Regarding the regularization parameter, we observe that the regularization parameter plays an important trade-off role. As is evident, when the regularization parameter overfitting occurs larger values are expected to produce reliable solutions even if the DD-step number increases. The choice of a good regularization parameter is one of the most important issues in solving unconstrained minimization problems and there exists a significant amount of research in the literature on the development of appropriate strategies for selecting regularization parameters. Parameter choice methods can be classified according to the input they require. There are two basic types: a-priori methods, requiring information about the noise level on data. The discrepancy principle, developed and analyzed by Morozov is the oldest one of them; data-driven methods, require no extra information. Generalized Cross-Validation (GCV), due to Wahba, is one of the most popular methods [22].
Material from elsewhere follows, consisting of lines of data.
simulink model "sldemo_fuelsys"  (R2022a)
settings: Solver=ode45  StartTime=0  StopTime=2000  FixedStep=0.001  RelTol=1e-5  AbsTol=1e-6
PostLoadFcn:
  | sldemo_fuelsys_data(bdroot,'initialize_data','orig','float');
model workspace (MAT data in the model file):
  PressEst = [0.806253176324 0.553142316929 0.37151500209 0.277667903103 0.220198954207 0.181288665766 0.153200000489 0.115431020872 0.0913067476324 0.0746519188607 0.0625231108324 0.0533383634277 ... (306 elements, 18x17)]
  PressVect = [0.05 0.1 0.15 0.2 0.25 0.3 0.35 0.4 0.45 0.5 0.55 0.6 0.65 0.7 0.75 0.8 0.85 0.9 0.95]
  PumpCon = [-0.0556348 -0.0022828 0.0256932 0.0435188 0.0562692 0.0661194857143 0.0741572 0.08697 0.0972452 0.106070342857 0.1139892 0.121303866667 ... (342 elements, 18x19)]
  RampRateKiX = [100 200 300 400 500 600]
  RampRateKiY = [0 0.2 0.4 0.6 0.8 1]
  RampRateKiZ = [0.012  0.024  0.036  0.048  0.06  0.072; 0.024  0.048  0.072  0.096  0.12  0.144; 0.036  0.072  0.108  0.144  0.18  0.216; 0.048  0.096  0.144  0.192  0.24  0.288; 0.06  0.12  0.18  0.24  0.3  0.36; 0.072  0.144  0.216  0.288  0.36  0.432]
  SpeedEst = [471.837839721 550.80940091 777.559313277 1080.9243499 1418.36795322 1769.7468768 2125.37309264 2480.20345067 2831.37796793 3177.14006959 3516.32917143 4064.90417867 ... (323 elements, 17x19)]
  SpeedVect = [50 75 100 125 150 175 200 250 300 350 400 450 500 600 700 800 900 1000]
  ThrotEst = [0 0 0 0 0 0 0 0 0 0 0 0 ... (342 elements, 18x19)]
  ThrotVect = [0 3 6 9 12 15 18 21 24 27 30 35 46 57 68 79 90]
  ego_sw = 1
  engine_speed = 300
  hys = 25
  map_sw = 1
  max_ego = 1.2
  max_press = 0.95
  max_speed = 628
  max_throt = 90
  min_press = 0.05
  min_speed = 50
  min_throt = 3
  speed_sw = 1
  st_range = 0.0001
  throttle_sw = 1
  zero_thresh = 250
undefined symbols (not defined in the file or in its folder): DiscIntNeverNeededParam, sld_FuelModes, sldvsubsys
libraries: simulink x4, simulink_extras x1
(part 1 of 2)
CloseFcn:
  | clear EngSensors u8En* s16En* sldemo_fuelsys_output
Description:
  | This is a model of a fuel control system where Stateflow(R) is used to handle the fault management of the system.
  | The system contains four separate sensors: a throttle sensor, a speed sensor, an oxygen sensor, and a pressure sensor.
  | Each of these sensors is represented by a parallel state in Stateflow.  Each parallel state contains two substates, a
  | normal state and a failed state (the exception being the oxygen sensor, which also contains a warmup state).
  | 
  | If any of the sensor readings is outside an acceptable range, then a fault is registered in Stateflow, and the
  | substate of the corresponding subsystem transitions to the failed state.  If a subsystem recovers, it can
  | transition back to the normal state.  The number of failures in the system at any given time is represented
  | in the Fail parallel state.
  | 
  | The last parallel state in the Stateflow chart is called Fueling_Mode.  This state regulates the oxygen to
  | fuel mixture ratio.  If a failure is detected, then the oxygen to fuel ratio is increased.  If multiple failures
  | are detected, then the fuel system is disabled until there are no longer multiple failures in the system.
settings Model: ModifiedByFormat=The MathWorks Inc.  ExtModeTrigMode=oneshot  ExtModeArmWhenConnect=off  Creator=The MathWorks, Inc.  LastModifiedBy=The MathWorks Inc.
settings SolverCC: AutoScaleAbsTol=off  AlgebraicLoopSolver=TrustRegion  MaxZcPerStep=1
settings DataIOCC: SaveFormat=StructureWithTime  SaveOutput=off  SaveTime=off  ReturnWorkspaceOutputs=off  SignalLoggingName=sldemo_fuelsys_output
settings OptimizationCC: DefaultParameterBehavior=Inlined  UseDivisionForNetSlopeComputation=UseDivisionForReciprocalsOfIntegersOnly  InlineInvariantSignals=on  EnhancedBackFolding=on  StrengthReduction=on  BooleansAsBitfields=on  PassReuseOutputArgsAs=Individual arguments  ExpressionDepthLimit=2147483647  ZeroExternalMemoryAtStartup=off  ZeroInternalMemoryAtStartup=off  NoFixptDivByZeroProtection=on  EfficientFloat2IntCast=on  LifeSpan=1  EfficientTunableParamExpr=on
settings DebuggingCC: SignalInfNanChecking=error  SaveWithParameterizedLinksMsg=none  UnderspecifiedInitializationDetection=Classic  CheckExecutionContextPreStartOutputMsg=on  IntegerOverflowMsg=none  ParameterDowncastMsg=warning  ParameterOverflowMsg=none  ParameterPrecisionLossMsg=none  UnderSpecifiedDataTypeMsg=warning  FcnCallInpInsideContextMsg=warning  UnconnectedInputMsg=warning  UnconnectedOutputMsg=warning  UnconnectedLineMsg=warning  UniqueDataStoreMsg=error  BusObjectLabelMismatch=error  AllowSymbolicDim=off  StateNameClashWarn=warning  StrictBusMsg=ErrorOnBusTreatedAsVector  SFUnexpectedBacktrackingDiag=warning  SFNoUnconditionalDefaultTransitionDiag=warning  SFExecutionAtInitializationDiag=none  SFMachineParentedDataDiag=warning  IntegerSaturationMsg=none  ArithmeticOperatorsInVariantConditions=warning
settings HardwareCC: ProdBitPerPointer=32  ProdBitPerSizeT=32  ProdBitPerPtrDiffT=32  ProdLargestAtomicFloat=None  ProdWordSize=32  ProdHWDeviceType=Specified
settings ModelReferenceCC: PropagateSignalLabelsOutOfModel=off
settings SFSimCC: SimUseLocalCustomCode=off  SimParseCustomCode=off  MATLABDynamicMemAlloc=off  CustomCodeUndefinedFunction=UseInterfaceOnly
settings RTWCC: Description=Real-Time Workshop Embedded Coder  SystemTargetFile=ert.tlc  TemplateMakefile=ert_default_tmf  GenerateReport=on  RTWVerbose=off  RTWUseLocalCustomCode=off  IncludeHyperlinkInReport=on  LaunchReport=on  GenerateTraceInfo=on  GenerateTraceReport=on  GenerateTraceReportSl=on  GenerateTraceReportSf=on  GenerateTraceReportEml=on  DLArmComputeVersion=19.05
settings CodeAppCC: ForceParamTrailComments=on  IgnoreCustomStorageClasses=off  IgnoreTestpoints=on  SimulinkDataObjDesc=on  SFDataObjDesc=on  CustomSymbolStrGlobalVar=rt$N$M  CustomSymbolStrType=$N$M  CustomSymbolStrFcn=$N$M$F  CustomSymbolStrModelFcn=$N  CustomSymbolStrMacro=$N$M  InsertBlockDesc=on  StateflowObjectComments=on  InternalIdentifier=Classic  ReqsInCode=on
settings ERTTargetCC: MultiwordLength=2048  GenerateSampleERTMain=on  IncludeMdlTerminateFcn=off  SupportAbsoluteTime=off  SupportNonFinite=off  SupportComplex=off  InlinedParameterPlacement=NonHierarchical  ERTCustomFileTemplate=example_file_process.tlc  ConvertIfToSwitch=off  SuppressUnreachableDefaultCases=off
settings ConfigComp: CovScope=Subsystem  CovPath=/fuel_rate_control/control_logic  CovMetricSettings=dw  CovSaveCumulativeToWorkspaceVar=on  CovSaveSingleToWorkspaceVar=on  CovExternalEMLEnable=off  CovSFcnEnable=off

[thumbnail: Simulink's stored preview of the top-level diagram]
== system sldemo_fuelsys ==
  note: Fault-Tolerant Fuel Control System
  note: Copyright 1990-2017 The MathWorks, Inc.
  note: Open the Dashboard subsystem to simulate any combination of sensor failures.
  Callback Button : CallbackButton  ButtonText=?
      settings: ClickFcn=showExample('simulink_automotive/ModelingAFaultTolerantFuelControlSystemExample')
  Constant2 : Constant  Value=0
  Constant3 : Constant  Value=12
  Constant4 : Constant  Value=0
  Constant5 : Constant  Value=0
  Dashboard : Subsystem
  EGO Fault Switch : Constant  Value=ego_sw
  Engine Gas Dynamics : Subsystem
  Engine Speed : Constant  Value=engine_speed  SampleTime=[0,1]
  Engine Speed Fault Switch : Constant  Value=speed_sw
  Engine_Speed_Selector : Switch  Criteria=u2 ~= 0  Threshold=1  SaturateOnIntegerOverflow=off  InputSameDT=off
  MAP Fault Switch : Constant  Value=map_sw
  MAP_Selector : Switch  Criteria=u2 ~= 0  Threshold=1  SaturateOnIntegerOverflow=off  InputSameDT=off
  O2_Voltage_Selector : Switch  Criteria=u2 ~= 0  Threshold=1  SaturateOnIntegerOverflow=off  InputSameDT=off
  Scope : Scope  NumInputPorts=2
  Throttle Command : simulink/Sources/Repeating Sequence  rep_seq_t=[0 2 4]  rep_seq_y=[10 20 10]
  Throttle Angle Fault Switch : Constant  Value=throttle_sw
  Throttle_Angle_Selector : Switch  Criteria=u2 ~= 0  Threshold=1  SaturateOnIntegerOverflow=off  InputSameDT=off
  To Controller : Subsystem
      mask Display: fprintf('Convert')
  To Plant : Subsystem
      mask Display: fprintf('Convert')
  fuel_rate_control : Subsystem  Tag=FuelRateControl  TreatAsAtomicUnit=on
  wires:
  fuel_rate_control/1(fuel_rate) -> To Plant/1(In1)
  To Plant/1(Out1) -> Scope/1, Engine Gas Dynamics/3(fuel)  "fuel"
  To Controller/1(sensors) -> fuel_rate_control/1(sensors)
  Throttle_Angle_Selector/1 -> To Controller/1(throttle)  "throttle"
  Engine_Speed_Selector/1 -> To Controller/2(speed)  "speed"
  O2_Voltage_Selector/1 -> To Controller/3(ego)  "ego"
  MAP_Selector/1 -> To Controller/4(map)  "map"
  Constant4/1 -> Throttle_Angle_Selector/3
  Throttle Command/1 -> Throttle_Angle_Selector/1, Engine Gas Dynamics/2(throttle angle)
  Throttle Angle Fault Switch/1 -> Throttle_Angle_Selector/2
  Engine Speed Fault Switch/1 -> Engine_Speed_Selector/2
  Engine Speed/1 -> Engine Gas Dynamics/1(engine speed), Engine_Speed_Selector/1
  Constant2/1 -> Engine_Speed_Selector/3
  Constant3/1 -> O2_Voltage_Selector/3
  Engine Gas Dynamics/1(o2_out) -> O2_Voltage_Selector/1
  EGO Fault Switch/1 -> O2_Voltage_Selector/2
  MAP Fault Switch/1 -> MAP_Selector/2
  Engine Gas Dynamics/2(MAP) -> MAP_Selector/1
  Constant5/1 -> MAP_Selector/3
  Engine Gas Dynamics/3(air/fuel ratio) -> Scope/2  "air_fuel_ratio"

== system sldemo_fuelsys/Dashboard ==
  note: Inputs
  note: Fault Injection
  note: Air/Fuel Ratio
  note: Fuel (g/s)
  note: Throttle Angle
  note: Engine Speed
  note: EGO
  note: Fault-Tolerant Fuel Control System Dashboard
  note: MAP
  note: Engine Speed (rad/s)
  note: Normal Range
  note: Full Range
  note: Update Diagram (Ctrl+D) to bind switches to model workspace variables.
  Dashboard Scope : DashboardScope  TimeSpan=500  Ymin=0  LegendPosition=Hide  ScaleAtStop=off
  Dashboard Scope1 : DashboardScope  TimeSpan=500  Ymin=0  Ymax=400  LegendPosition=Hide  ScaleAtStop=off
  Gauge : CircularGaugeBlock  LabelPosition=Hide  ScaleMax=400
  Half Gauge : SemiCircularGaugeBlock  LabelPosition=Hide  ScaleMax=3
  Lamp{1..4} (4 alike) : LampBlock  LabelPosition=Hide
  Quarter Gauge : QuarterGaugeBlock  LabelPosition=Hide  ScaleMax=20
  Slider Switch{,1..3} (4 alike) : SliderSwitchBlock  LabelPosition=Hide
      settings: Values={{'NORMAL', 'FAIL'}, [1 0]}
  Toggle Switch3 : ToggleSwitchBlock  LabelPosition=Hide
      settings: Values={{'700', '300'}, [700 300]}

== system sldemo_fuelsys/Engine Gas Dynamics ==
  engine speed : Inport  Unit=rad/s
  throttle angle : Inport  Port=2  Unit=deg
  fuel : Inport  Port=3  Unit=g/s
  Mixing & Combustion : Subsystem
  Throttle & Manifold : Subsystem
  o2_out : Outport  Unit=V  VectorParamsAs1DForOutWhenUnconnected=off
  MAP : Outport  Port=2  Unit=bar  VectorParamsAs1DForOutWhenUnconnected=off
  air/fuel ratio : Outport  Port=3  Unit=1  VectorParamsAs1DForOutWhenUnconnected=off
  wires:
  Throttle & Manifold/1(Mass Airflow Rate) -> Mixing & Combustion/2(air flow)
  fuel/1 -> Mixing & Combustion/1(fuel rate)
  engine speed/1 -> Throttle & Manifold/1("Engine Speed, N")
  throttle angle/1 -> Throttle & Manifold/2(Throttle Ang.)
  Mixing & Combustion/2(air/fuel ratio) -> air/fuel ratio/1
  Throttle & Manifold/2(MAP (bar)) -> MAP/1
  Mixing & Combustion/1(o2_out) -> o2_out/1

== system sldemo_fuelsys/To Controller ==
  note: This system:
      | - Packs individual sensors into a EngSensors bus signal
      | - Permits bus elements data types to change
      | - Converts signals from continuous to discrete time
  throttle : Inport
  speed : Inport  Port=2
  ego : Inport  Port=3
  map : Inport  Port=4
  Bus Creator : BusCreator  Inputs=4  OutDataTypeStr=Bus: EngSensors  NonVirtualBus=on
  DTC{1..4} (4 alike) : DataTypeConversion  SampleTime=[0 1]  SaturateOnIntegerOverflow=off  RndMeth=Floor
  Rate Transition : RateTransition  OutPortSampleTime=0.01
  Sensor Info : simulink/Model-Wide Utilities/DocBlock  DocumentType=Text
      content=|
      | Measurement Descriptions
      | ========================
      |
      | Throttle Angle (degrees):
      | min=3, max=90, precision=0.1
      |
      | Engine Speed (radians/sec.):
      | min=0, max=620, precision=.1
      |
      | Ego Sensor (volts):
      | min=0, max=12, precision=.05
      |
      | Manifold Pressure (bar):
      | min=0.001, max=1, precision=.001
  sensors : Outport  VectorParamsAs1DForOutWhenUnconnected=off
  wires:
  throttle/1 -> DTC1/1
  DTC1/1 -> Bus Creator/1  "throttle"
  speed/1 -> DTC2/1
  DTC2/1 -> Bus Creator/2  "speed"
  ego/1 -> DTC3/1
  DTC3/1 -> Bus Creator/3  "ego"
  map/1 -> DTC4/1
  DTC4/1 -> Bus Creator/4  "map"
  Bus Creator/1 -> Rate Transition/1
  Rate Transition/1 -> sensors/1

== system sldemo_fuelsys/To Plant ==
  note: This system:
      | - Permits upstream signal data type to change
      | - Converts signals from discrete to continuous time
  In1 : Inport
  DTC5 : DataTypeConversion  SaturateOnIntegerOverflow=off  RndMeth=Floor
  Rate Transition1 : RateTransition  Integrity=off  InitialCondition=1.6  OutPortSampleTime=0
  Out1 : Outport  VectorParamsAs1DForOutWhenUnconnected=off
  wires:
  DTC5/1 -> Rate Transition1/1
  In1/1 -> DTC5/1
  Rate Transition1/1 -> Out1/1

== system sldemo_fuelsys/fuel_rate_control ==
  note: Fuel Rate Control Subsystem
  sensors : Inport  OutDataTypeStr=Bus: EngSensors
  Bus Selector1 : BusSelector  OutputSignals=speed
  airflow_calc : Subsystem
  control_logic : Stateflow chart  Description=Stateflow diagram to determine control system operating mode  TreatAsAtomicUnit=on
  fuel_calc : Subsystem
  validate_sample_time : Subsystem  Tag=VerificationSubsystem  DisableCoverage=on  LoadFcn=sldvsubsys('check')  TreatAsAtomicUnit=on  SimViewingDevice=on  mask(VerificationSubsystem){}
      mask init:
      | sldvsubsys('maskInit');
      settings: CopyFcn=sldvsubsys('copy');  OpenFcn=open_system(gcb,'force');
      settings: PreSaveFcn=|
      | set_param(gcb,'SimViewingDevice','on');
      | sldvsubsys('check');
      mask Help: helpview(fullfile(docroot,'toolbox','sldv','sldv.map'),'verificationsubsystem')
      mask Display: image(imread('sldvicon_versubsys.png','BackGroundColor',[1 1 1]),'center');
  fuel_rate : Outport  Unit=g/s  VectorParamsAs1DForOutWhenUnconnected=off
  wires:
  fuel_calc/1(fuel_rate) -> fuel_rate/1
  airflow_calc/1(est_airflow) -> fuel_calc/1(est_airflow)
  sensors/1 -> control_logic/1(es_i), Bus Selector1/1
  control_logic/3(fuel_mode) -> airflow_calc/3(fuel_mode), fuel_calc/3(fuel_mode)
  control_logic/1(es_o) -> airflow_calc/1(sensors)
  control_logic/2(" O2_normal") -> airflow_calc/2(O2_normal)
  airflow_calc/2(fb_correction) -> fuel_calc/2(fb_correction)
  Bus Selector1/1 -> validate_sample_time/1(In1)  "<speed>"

Another issue is the employment of a dynamic load balancing scheme based on adaptive and dynamic redefining of initial decomposition. Specifically, in order to optimally choose the domain decomposition configuration, the partitioning into subdomains must satisfy certain conditions. First, the computational load assigned to subdomains must be equally distributed. Good quality partitioning also requires the volume of communication during calculation to be kept at its minimum. In [15] the authors employed a dynamic load balancing scheme based on adaptive and dynamic redefining of initial decomposition, aimed to balance load between processors according to data location. In particular, the authors focused on the introduction of a dynamic redefining of initial DD in order to deal with problems where the observations are non uniformly distributed and generally sparse.

The most significant finding is that we can solve several smaller problems improving the accuracy-per-parameter metric. Most importantly, subproblems can be solved in parallel, leading to a scalable algorithm where the workers locally exchange parameter updates via a nearest-neighbourhood communication scheme, which does not require a fully connected network. In contrast to other decomposition-in-time approaches, in our approach local solvers run concurrently from the beginning. Overall, the employment of the framework on hybrid high-performance computing systems seems to be a fruitful research area [23].